2 minute read

Nella/Fionn Gocal


My relationship with gender has always been a complex one. Luckily, as a child, I was never made to conform to the gendered stereotypes that are often forced on us, the pink and the blue, instead my parents allowed me to explore and experiment however I pleased, and this helped me discover and come to terms with being non-binary. Although I am so lucky to have the continuous support of my parents, I think, in a way, not having the gendered constraints that many other kids had, I came upon my time of self-discovery quite late. I had no concepts to base my gendered questions off, and this led to me searching in the dark for a couple of years. I experimented with presenting myself with overly masculine traits, but I was increasingly uncomfortable. I then made an attempt at presenting overly feminine traits, but that too caused me discomfort. Eventually, I found a type of ambiguity to my expression. After growing up fixated on the way I appeared to other people, I adopted a strange coping strategy that was heavily intertwined with my gender. As I often feel discomfort from being perceived as female in public, the way I try to combat it is by meticulously planning my outfits so as to attempt to force others to perceive me as something other than a binary gender. It’s a strange obsession that I have only seen in other trans/gender non-conforming (GNC) individuals. Personally, I think of it as a safety net. If I make myself appear alternative or ‘dressed up’, the people looking will perceive me as something other than ‘normal’, and for me, this confirms my ambiguous gender. As problematic as this is, it provides me with some form of comfort.


Danielle Goodland

Unfortunately, this hyper-obsession with the way I present is only one of many symptoms caused by internalised transphobia. Although it does grant me some escape, it all comes down to a similar issue; the negative view society has on those who do not conform to the cisgender, binary ideals. Any trans/GNC person who is growing up in present day society would know, it’s impossible not to internalise at least some of the transphobic messages that western culture and media feed us, and this is what leads to internalised transphobia.

These feelings and thoughts really tried to force me to suppress my gendered feelings and attempted to make me conform to the binary of either boy or girl. The feelings tried to strip me of my gender fluidity and force me to pick one, as society often tells us to. For some, this is a possibility; for me, it was not.

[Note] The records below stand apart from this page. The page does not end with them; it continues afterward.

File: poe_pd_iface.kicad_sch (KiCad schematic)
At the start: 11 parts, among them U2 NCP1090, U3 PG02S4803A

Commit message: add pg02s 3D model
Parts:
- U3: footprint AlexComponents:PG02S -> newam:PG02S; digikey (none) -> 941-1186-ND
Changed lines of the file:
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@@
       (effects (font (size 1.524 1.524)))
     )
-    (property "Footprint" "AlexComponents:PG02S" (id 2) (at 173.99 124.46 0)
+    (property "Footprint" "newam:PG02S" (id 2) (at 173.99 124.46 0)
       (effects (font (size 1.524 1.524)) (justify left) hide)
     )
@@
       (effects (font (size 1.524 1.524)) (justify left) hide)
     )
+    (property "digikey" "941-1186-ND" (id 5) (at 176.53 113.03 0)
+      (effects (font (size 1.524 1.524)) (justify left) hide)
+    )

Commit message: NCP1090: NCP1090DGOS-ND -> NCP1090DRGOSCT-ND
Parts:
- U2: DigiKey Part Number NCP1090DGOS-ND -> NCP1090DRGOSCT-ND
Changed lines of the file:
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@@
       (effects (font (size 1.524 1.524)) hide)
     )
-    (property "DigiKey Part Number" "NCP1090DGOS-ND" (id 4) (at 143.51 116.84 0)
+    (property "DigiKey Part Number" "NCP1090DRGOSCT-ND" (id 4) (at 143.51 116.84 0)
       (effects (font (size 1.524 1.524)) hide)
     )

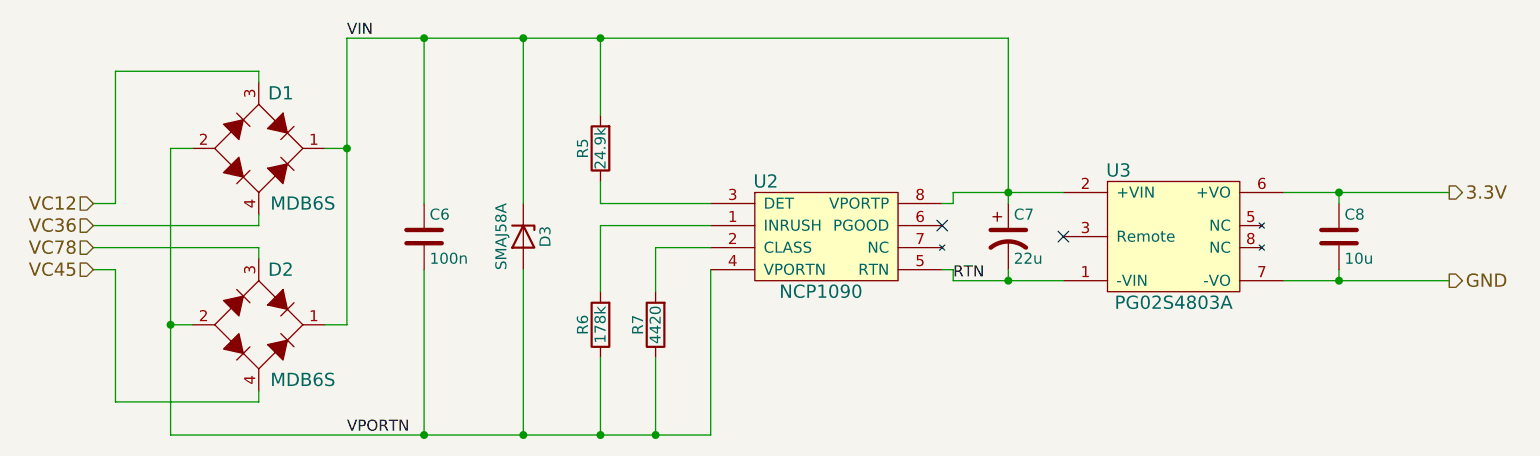
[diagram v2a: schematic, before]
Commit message: 22uF electrolytic: replace with 27uF for stock reasons
399-A768KE226M1JLAE054TR-ND -> 399-A768KE276M1JLAE054CT-ND
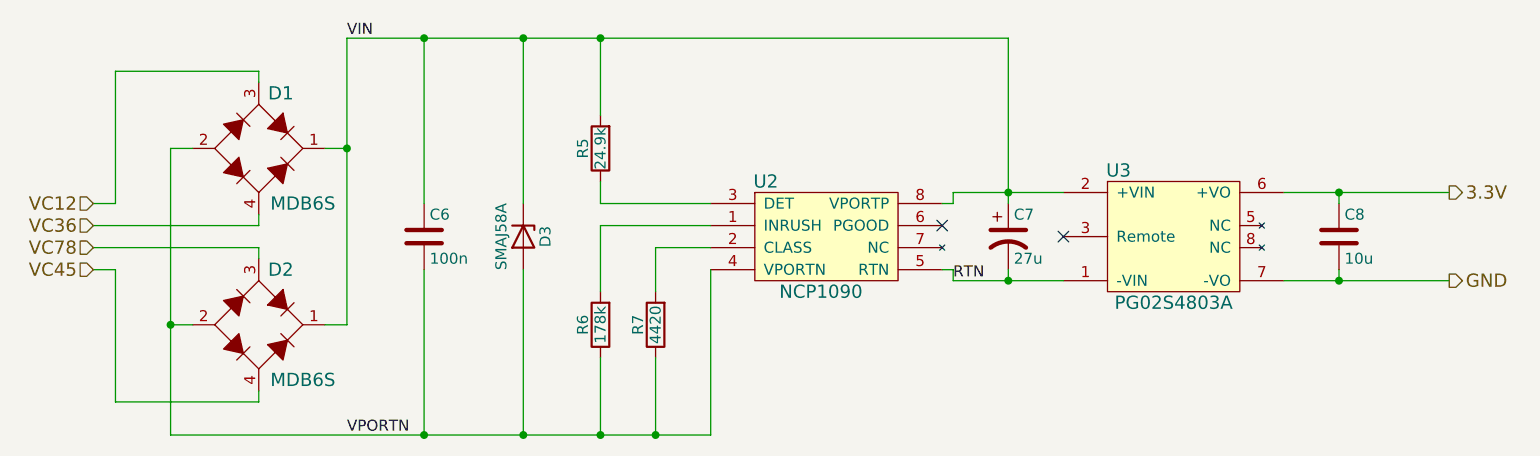
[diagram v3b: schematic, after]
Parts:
- C7: value 22u -> 27u; DigiKey Part Number 399-A768KE226M1JLAE054TR-ND -> 399-A768KE276M1JLAE054CT-ND
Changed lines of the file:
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@@
       (effects (font (size 1.27 1.27)) (justify left))
     )
-    (property "Value" "22u" (id 1) (at 165.735 105.41 0)
+    (property "Value" "27u" (id 1) (at 165.735 105.41 0)
       (effects (font (size 1.27 1.27)) (justify left))
     )
@@
       (effects (font (size 1.27 1.27)) hide)
     )
-    (property "DigiKey Part Number" "399-A768KE226M1JLAE054TR-ND" (id 4) (at 165.1 102.87 0)
+    (property "DigiKey Part Number" "399-A768KE276M1JLAE054CT-ND" (id 4) (at 165.1 102.87 0)
       (effects (font (size 1.524 1.524)) hide)
     )

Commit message: add mounting holes, replace magjack with in-stock part
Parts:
- U3: DigiKey Part Number 941-1186-ND -> 941-1185-ND
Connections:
- net VC12: now also D2.3 (AC1); no longer D1.3 (AC1)
- net VC36: now also D2.4 (AC2); no longer D1.4 (AC2)
- net VC45: now also D1.3 (AC1); no longer D2.4 (AC2)
- net VC78: now also D1.4 (AC2); no longer D2.3 (AC1)
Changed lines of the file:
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@@
     (effects (font (size 1.27 1.27)) (justify left bottom))
   )
-  (hierarchical_label "VC12" (shape input) (at 59.69 99.06 180)
+  (hierarchical_label "VC12" (shape input) (at 59.69 104.14 180)
     (effects (font (size 1.524 1.524)) (justify right))
   )
@@
     (effects (font (size 1.524 1.524)) (justify left))
   )
-  (hierarchical_label "VC36" (shape input) (at 59.69 101.6 180)
+  (hierarchical_label "VC36" (shape input) (at 59.69 106.68 180)
     (effects (font (size 1.524 1.524)) (justify right))
   )
@@
     (effects (font (size 1.524 1.524)) (justify left))
   )
-  (hierarchical_label "VC78" (shape input) (at 59.69 104.14 180)
-    (effects (font (size 1.524 1.524)) (justify right))
-  )
-  (hierarchical_label "VC45" (shape input) (at 59.69 106.68 180)
+  (hierarchical_label "VC78" (shape input) (at 59.69 101.6 180)
+    (effects (font (size 1.524 1.524)) (justify right))
+  )
+  (hierarchical_label "VC45" (shape input) (at 59.69 99.06 180)
     (effects (font (size 1.524 1.524)) (justify right))
   )
@@
       (effects (font (size 1.524 1.524)) (justify left) hide)
     )
-    (property "DigiKey Part Number" "941-1186-ND" (id 4) (at 176.53 113.03 0)
-      (effects (font (size 1.524 1.524)) (justify left) hide)
-    )
+    (property "DigiKey Part Number" "941-1185-ND" (id 4) (at 176.53 113.03 0)
+      (effects (font (size 1.524 1.524)) (justify left) hide)
+    )

I found a type of ambiguity to my expression.

I have always felt as though my concept of gender has been flawed. It’s always just a step too far away for me to grasp and so, after many years of attempting to understand it, I just gave up and became happy with not knowing. This, in itself, helped me realise that it’s okay to view my gender as fluid, as something that is always changing, or that doesn’t always exist. This experience is somewhat unique and although people may not completely understand it, it is mine, and that makes it true, and authentic.